Once my body wasn't so exposed, I got closer to him and lowered my voice so Kankuro, who was trying to talk to us from behind the closed door, wouldn't overhear, "N-No Gaara, I can't. It's not fair to you." A wave of sadness ached in my chest when he looked confused by my response, and I was forced to try and explain, "I don't know how to say this where you'll understand…."

"I thought you liked me."

My eyes widened as his face fell into one of masked disappointment. I frantically pulled his hands into mine, screaming at myself internally when he flinched at the sudden movement, "I do like you, Gaara! The issue is that…. Well, the type of like I feel for you is a bit different than what you think."

Teal eyes studied my face as I tried to wordlessly show him how desperate I was to not hurt his feelings. After a pause, he looked away, and I was stunned to see a slight pink on his cheeks, "You aren't interested in me."

My eyes narrowed in confusion, and my mouth fell open in disbelief. He…understands these types of emotions? So, when I said I didn't feel the same way as him, he thought I was rejecting him.

Tears rose in my eyes, a blush met my cheeks, and I shook my head slowly as I tried to understand the situation more clearly, "D-Do you like me, Gaara?"

He remet my eye and turned his hands in mine to hesitantly interlock our fingers and pull me closer, "When we fought, I wanted to be your friend, but it's too dangerous for people to be close to me. Then, at the asylum, you-" Gaara's breath hitched, and he paused before retrying, "After that, I decided to try for your sake. I know I don't deserve you, and I should just be grateful you don't hate me, but I'm…I'm not satisfied."

My guess at his emotional capacity had been way off, and I felt guiltier than anything else because I underestimated him. I pressed my forehead lightly against the middle of his chest to hide my face as I broke into tears.

Gaara didn't know how to react and only spoke after a few moments, "Did I hurt your feelings just now? It wasn't my intention."

I gingerly pulled away to look him in the eye, removing one of my hands from his to wipe at my tears. He spoke again before I could get myself together, "It's selfish, but I want you to see me as someone special, too."

Tears still running down my cheeks, I softly caressed the side of his face, "You are an important, special, and precious person to me. I like you very much, Gaara. I was worried I'd scare you away."

His guarded expression relaxed and softened in a way I'd never seen before, making me stare in awe at how cute he looked when he wasn't glaring.
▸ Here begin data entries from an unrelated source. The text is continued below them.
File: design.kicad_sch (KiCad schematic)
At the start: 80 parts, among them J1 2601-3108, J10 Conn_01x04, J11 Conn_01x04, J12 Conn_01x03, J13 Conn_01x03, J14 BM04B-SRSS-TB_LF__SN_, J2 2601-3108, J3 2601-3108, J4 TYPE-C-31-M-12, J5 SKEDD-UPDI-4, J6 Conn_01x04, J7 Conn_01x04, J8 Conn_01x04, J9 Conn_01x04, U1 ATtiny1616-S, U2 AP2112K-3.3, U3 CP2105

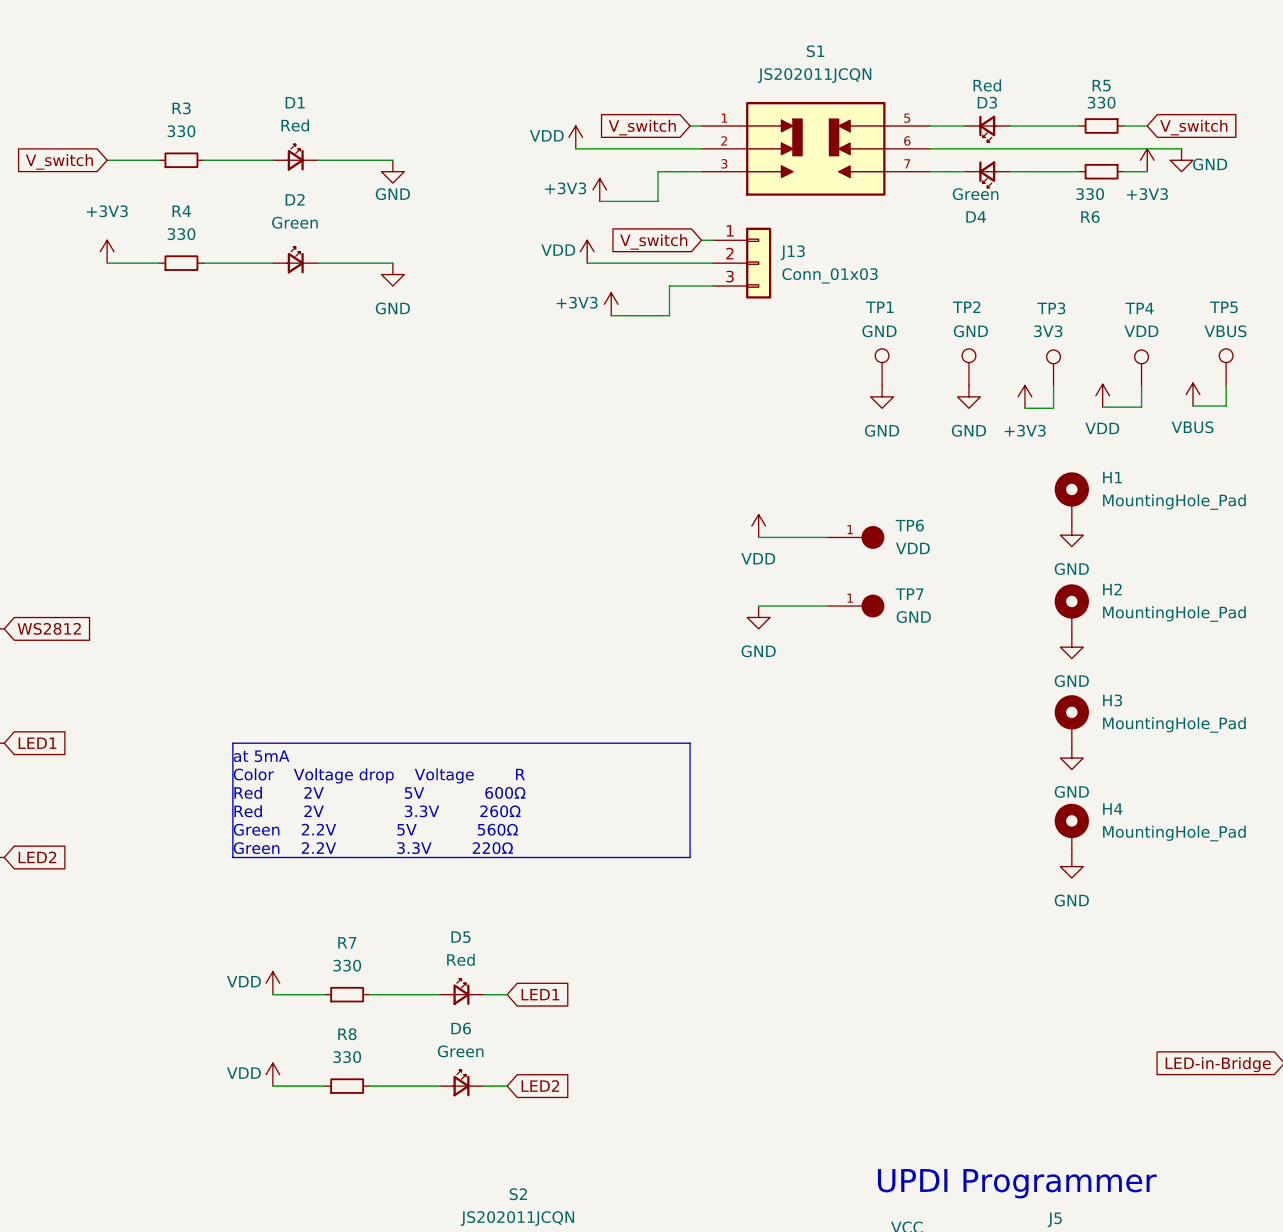
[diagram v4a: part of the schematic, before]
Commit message: update LED resistor values
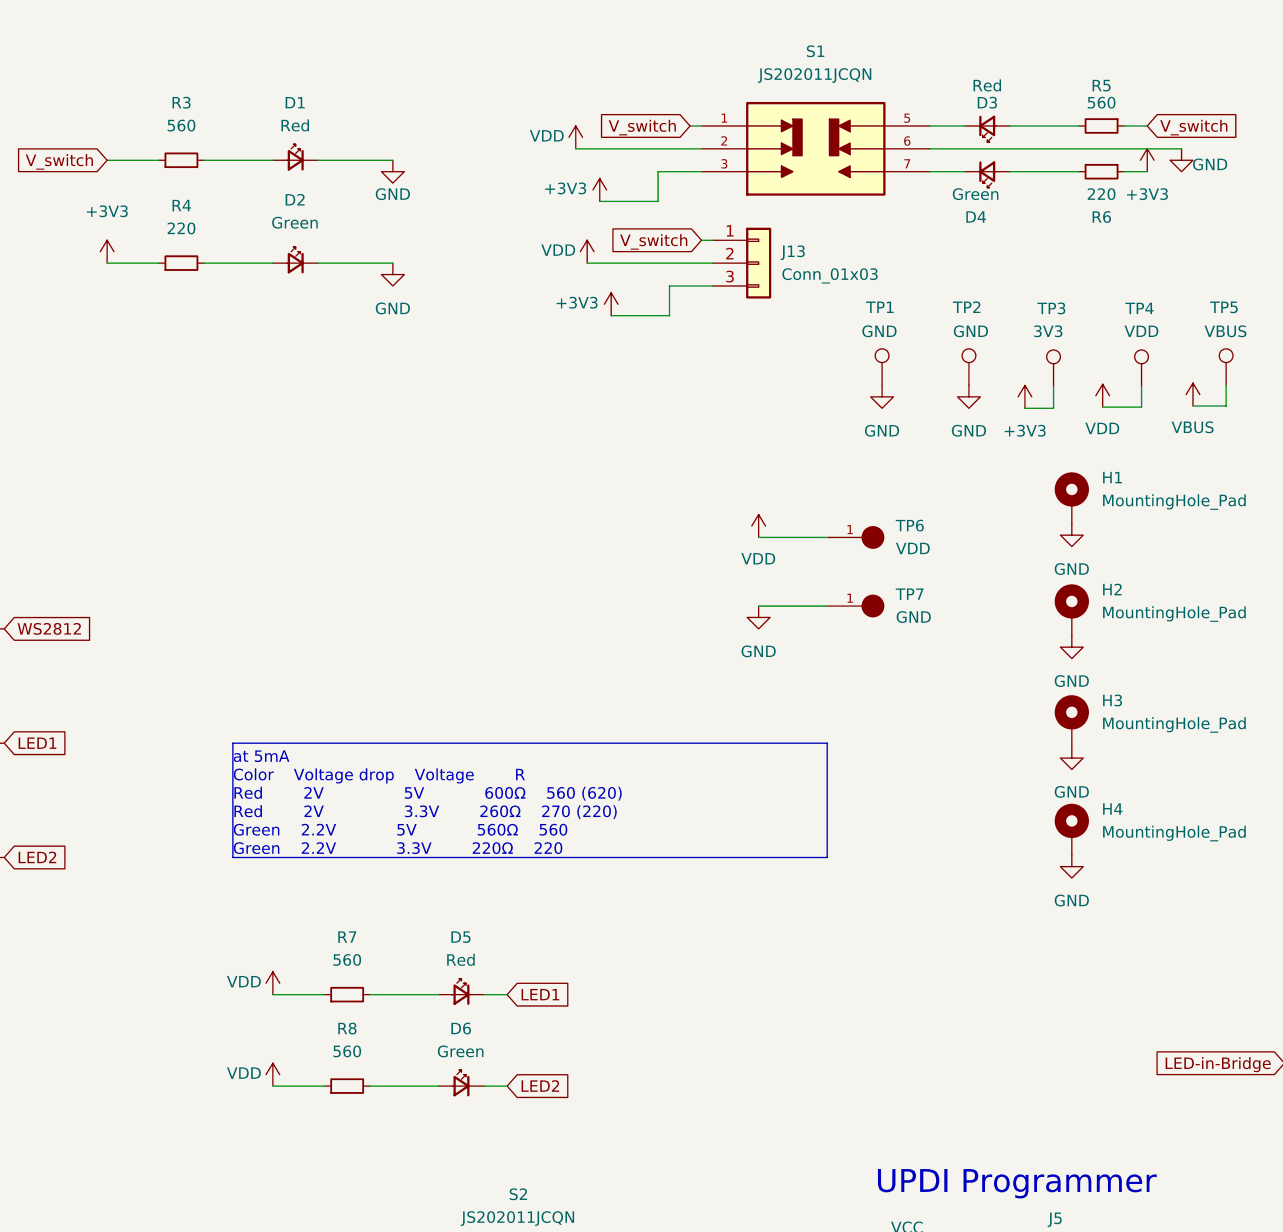
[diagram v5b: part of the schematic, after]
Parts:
- R3, R5, R7, R8: value 330 -> 560
- R4, R6: value 330 -> 220
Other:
- note added: "at 5mA Color Voltage drop Voltage R Red 2V 5V 600Ω 560 (620) Red 2V 3.3V 260Ω 270 (220) Green 2.2V 5V 560Ω 560 Green 2.2V 3.3V 220Ω 220"
- note removed: "at 5mA Color Voltage drop Voltage R Red 2V 5V 600Ω Red 2V 3.3V 260Ω Green 2.2V 5V 560Ω Green 2.2V 3.3V 220Ω"
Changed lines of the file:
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@@
     (stroke (width 0) (type default) (color 0 0 0 0))
   )
-  (polyline (pts (xy 213.36 93.98) (xy 213.36 106.68))
+  (polyline (pts (xy 228.6 93.98) (xy 228.6 106.68))
     (stroke (width 0) (type default) (color 0 0 0 0))
   )
@@
     (stroke (width 0) (type default) (color 0 0 0 0))
   )
-  (polyline (pts (xy 213.36 106.68) (xy 162.56 106.68))
+  (polyline (pts (xy 228.6 106.68) (xy 162.56 106.68))
     (stroke (width 0) (type default) (color 0 0 0 0))
   )
@@
     (stroke (width 0) (type default) (color 0 0 0 0))
   )
-  (polyline (pts (xy 162.56 93.98) (xy 213.36 93.98))
+  (polyline (pts (xy 162.56 93.98) (xy 228.6 93.98))
     (stroke (width 0) (type default) (color 0 0 0 0))
   )
@@
     (effects (font (size 1.27 1.27)) (justify left bottom))
   )
-  (text "at 5mA\nColor	Voltage drop	Voltage    	R\nRed		2V				5V			600Ω\nRed		2V				3.3V		260Ω\nGreen	2.2V			5V			560Ω\nGreen	2.2V			3.3V		220Ω"
+  (text "at 5mA\nColor	Voltage drop	Voltage    	R\nRed		2V				5V			600Ω	560 (620)\nRed		2V				3.3V		260Ω	270 (220)\nGreen	2.2V			5V			560Ω	560\nGreen	2.2V			3.3V		220Ω	220"
     (at 162.56 106.68 0)
     (effects (font (size 1.27 1.27)) (justify left bottom))
@@
   (symbol (lib_id "Device:R_Small") (at 156.845 40.64 90) (unit 1)
     (in_bom yes) (on_board yes) (fields_autoplaced)
-    (property "Reference" "R4" (id 0) (at 156.845 34.925 90))
-    (property "Value" "330" (id 1) (at 156.845 37.465 90))
+    (property "Reference" "R4" (id 0) (at 156.845 34.29 90))
+    (property "Value" "220" (id 1) (at 156.845 36.83 90))
     (property "Footprint" "Resistor_SMD:R_0805_2012Metric" (id 2) (at 156.845 40.64 0)
       (effects (font (size 1.27 1.27)) hide)
@@
   (symbol (lib_id "power:GND") (at 71.12 256.54 0) (unit 1)
     (in_bom yes) (on_board yes) (fields_autoplaced)
-    (property "Reference" "#PWR?" (id 0) (at 71.12 262.89 0)
+    (property "Reference" "#PWR0189" (id 0) (at 71.12 262.89 0)
       (effects (font (size 1.27 1.27)) hide)
     )
@@
   (symbol (lib_id "Device:R_Small") (at 175.26 121.92 90) (unit 1)
     (in_bom yes) (on_board yes) (fields_autoplaced)
-    (property "Reference" "R7" (id 0) (at 175.26 116.205 90))
-    (property "Value" "330" (id 1) (at 175.26 118.745 90))
+    (property "Reference" "R7" (id 0) (at 175.26 115.57 90))
+    (property "Value" "560" (id 1) (at 175.26 118.11 90))
     (property "Footprint" "Resistor_SMD:R_0805_2012Metric" (id 2) (at 175.26 121.92 0)
       (effects (font (size 1.27 1.27)) hide)
@@
   (symbol (lib_id "Device:R_Small") (at 156.845 29.21 90) (unit 1)
     (in_bom yes) (on_board yes) (fields_autoplaced)
-    (property "Reference" "R3" (id 0) (at 156.845 23.495 90))
-    (property "Value" "330" (id 1) (at 156.845 26.035 90))
+    (property "Reference" "R3" (id 0) (at 156.845 22.86 90))
+    (property "Value" "560" (id 1) (at 156.845 25.4 90))
     (property "Footprint" "Resistor_SMD:R_0805_2012Metric" (id 2) (at 156.845 29.21 0)
       (effects (font (size 1.27 1.27)) hide)
@@
   (symbol (lib_id "Device:R_Small") (at 259.08 30.48 270) (unit 1)
     (in_bom yes) (on_board yes)
-    (property "Reference" "R6" (id 0) (at 257.81 35.56 90))
-    (property "Value" "330" (id 1) (at 257.81 33.02 90))
+    (property "Reference" "R6" (id 0) (at 259.08 35.56 90))
+    (property "Value" "220" (id 1) (at 259.08 33.02 90))
     (property "Footprint" "Resistor_SMD:R_0805_2012Metric" (id 2) (at 259.08 30.48 0)
       (effects (font (size 1.27 1.27)) hide)
@@
   (symbol (lib_id "Device:R_Small") (at 175.26 132.08 90) (unit 1)
     (in_bom yes) (on_board yes) (fields_autoplaced)
-    (property "Reference" "R8" (id 0) (at 175.26 126.365 90))
-    (property "Value" "330" (id 1) (at 175.26 128.905 90))
+    (property "Reference" "R8" (id 0) (at 175.26 125.73 90))
+    (property "Value" "560" (id 1) (at 175.26 128.27 90))
     (property "Footprint" "Resistor_SMD:R_0805_2012Metric" (id 2) (at 175.26 132.08 0)
       (effects (font (size 1.27 1.27)) hide)
@@
     (in_bom yes) (on_board yes)
     (property "Reference" "R5" (id 0) (at 259.08 20.955 90))
-    (property "Value" "330" (id 1) (at 259.08 22.86 90))
+    (property "Value" "560" (id 1) (at 259.08 22.86 90))
     (property "Footprint" "Resistor_SMD:R_0805_2012Metric" (id 2) (at 259.08 25.4 0)
       (effects (font (size 1.27 1.27)) hide)
@@
     )
     (path "/3b010638-00df-47c0-8bf4-5465e4ce7746"
-      (reference "#PWR?") (unit 1) (value "GND") (footprint "")
+      (reference "#PWR0189") (unit 1) (value "GND") (footprint "")
     )
     (path "/5005112b-a25c-4019-a0f7-bec67dd371e4"
@@
     )
     (path "/484da902-60c6-4980-9a91-4f667955b0e8"
-      (reference "R3") (unit 1) (value "330") (footprint "Resistor_SMD:R_0805_2012Metric")
+      (reference "R3") (unit 1) (value "560") (footprint "Resistor_SMD:R_0805_2012Metric")
     )
     (path "/0e89c407-3205-4c62-a491-3291420c5ad0"
-      (reference "R4") (unit 1) (value "330") (footprint "Resistor_SMD:R_0805_2012Metric")
+      (reference "R4") (unit 1) (value "220") (footprint "Resistor_SMD:R_0805_2012Metric")
     )
     (path "/bcf61e20-6cf8-46b9-9f95-d5e631d20676"
-      (reference "R5") (unit 1) (value "330") (footprint "Resistor_SMD:R_0805_2012Metric")
+      (reference "R5") (unit 1) (value "560") (footprint "Resistor_SMD:R_0805_2012Metric")
     )
     (path "/72f13b47-0aa0-4ea7-a1ab-fd196a1c1813"
-      (reference "R6") (unit 1) (value "330") (footprint "Resistor_SMD:R_0805_2012Metric")
+      (reference "R6") (unit 1) (value "220") (footprint "Resistor_SMD:R_0805_2012Metric")
     )
     (path "/42965c34-d4b3-417b-ac70-1b8024990edc"
-      (reference "R7") (unit 1) (value "330") (footprint "Resistor_SMD:R_0805_2012Metric")
+      (reference "R7") (unit 1) (value "560") (footprint "Resistor_SMD:R_0805_2012Metric")
     )
     (path "/aa06b4af-70da-4895-9f86-987878ddf602"
-      (reference "R8") (unit 1) (value "330") (footprint "Resistor_SMD:R_0805_2012Metric")
+      (reference "R8") (unit 1) (value "560") (footprint "Resistor_SMD:R_0805_2012Metric")
     )
     (path "/5d57726e-0434-4089-b57f-b38108417a5f"

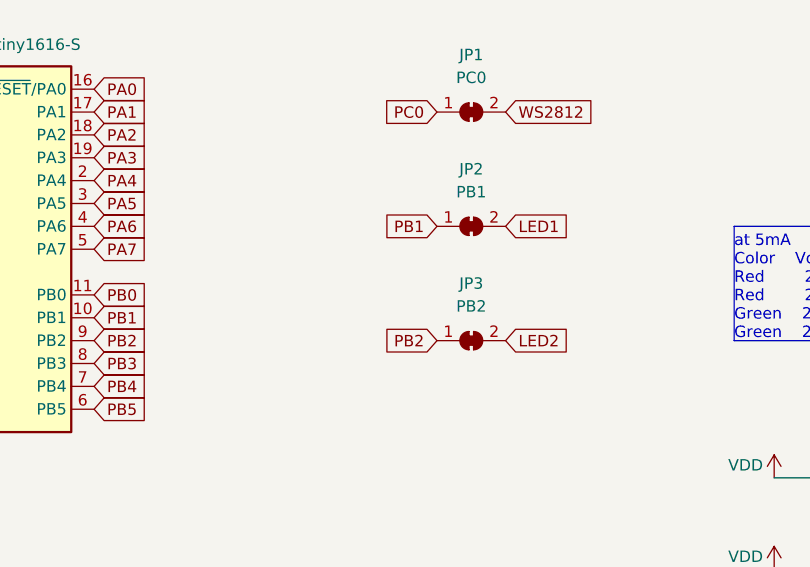
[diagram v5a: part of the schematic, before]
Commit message: change LEDs to pin PB2/PB3 not to use the i2c pins
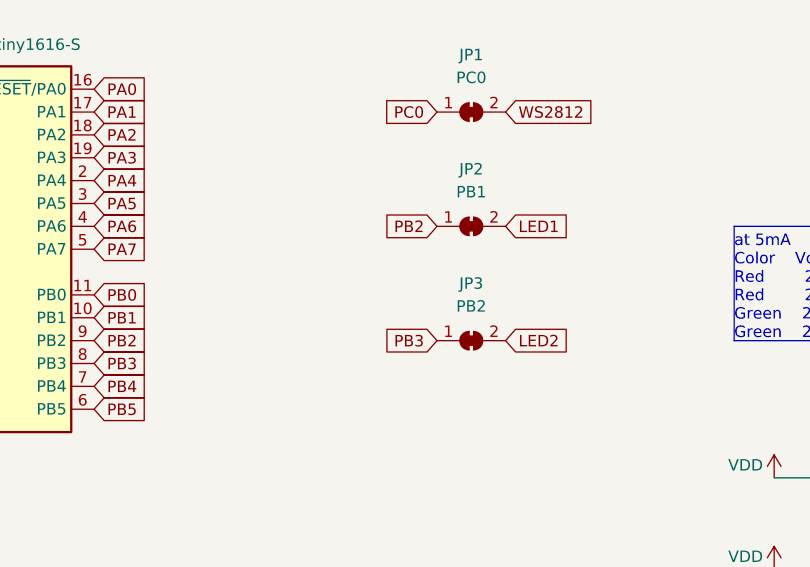
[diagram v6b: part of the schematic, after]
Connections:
- net PB1: no longer JP2.1 (A)
- net PB2: now also JP2.1 (A); no longer JP3.1 (A)
- net PB3: now also JP3.1 (A)

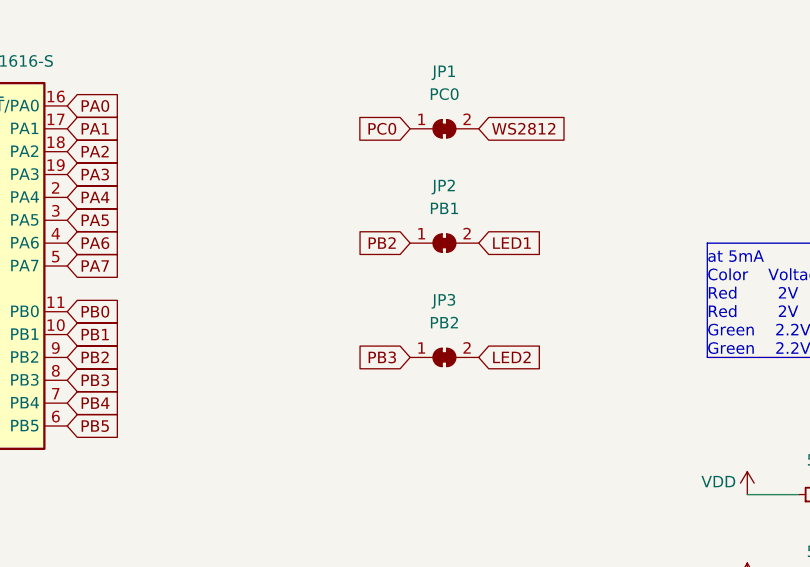
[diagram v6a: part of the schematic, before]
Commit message: Route LEDs to own pins
closes #2
Use PA4 and PA5 for the LEDs. This pins have PWM and are not used.
correct the silk screen.
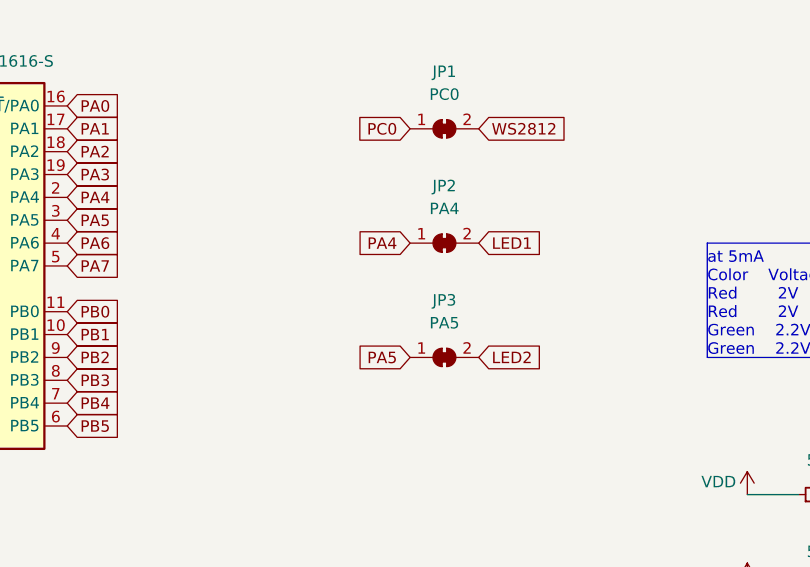
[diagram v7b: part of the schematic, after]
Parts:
- JP2: value PB1 -> PA4
- JP3: value PB2 -> PA5
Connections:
- net PA4: now also JP2.1 (A)
- net PA5: now also JP3.1 (A)
- net PB2: no longer JP2.1 (A)
- net PB3: no longer JP3.1 (A)
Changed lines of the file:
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@@
     )
   )
-  (global_label "PB2" (shape input) (at 129.54 93.98 180) (fields_autoplaced)
+  (global_label "PA4" (shape input) (at 129.54 93.98 180) (fields_autoplaced)
     (effects (font (size 1.27 1.27)) (justify right))
-    (property "Referenzen zwischen Schaltplänen" "${INTERSHEET_REFS}" (id 0) (at 123.4663 94.0594 0)
+    (property "Referenzen zwischen Schaltplänen" "${INTERSHEET_REFS}" (id 0) (at 123.6477 93.9006 0)
       (effects (font (size 1.27 1.27)) (justify right) hide)
     )
@@
     )
   )
-  (global_label "PB3" (shape input) (at 129.54 106.68 180) (fields_autoplaced)
+  (global_label "PA5" (shape input) (at 129.54 106.68 180) (fields_autoplaced)
     (effects (font (size 1.27 1.27)) (justify right))
-    (property "Referenzen zwischen Schaltplänen" "${INTERSHEET_REFS}" (id 0) (at 123.4663 106.6006 0)
+    (property "Referenzen zwischen Schaltplänen" "${INTERSHEET_REFS}" (id 0) (at 123.6477 106.6006 0)
       (effects (font (size 1.27 1.27)) (justify right) hide)
     )
@@
     (in_bom yes) (on_board yes)
     (property "Reference" "JP3" (id 0) (at 133.35 100.33 0))
-    (property "Value" "PB2" (id 1) (at 133.35 102.87 0))
+    (property "Value" "PA5" (id 1) (at 133.35 102.87 0))
     (property "Footprint" "Jumper:SolderJumper-2_P1.3mm_Bridged_Pad1.0x1.5mm" (id 2) (at 133.35 106.68 0)
       (effects (font (size 1.27 1.27)) hide)
@@
     (in_bom yes) (on_board yes)
     (property "Reference" "JP2" (id 0) (at 133.35 87.63 0))
-    (property "Value" "PB1" (id 1) (at 133.35 90.17 0))
+    (property "Value" "PA4" (id 1) (at 133.35 90.17 0))
     (property "Footprint" "Jumper:SolderJumper-2_P1.3mm_Bridged_Pad1.0x1.5mm" (id 2) (at 133.35 93.98 0)
       (effects (font (size 1.27 1.27)) hide)
@@
     )
     (path "/350eccb5-7cc4-4388-92bb-b4f919a6433f"
-      (reference "JP2") (unit 1) (value "PB1") (footprint "Jumper:SolderJumper-2_P1.3mm_Bridged_Pad1.0x1.5mm")
+      (reference "JP2") (unit 1) (value "PA4") (footprint "Jumper:SolderJumper-2_P1.3mm_Bridged_Pad1.0x1.5mm")
     )
     (path "/23e710d7-702a-40ba-9088-48d36a43b3b2"
-      (reference "JP3") (unit 1) (value "PB2") (footprint "Jumper:SolderJumper-2_P1.3mm_Bridged_Pad1.0x1.5mm")
+      (reference "JP3") (unit 1) (value "PA5") (footprint "Jumper:SolderJumper-2_P1.3mm_Bridged_Pad1.0x1.5mm")
     )
     (path "/eaa8d364-f7ce-4c97-8b29-de4ff6423ebd"

His usually gritty voice was much smoother when he spoke, as though he could finally relax, "I told you that I'm just nervous around you, not uncomfortable."

A small laugh slid past my lips, and I nodded, moving my hand from his face to wrap around his waist and hug him, "You did, didn't you?"

Rather than accept my embrace, the redhead pushed me back with a hand on my shoulder and a severe expression, making me frown, "I don't understand. After everything I've done to you-" I cut him off, averting the subject so he couldn't focus on his guilt, "When is your birthday? There's so much I want to learn about you."

Teal eyes widened in surprise before he awkwardly turned them to the side and downward, a charming pink meeting the bridge of his nose, "January nineteenth."

"Matsuri, cough twice if you're in danger!" Both of us turned to glare at the closed bedroom door.

Sighing, I offered Gaara's hand one last squeeze before releasing it, "He's not going to go away no matter how long we ignore him."

"Wait." I stopped, turning to face him once more.

His slight blush remained, but he met my eye line steadily, "What is yours?"

Warmth enveloped my heart as I tilted my head and smiled happily, "February nineteenth. Exactly one month after yours, so it'll be easy for us to remember, right?"

He appeared stunned briefly before nodding once, gorgeous teal eyes warmer than I'd ever seen.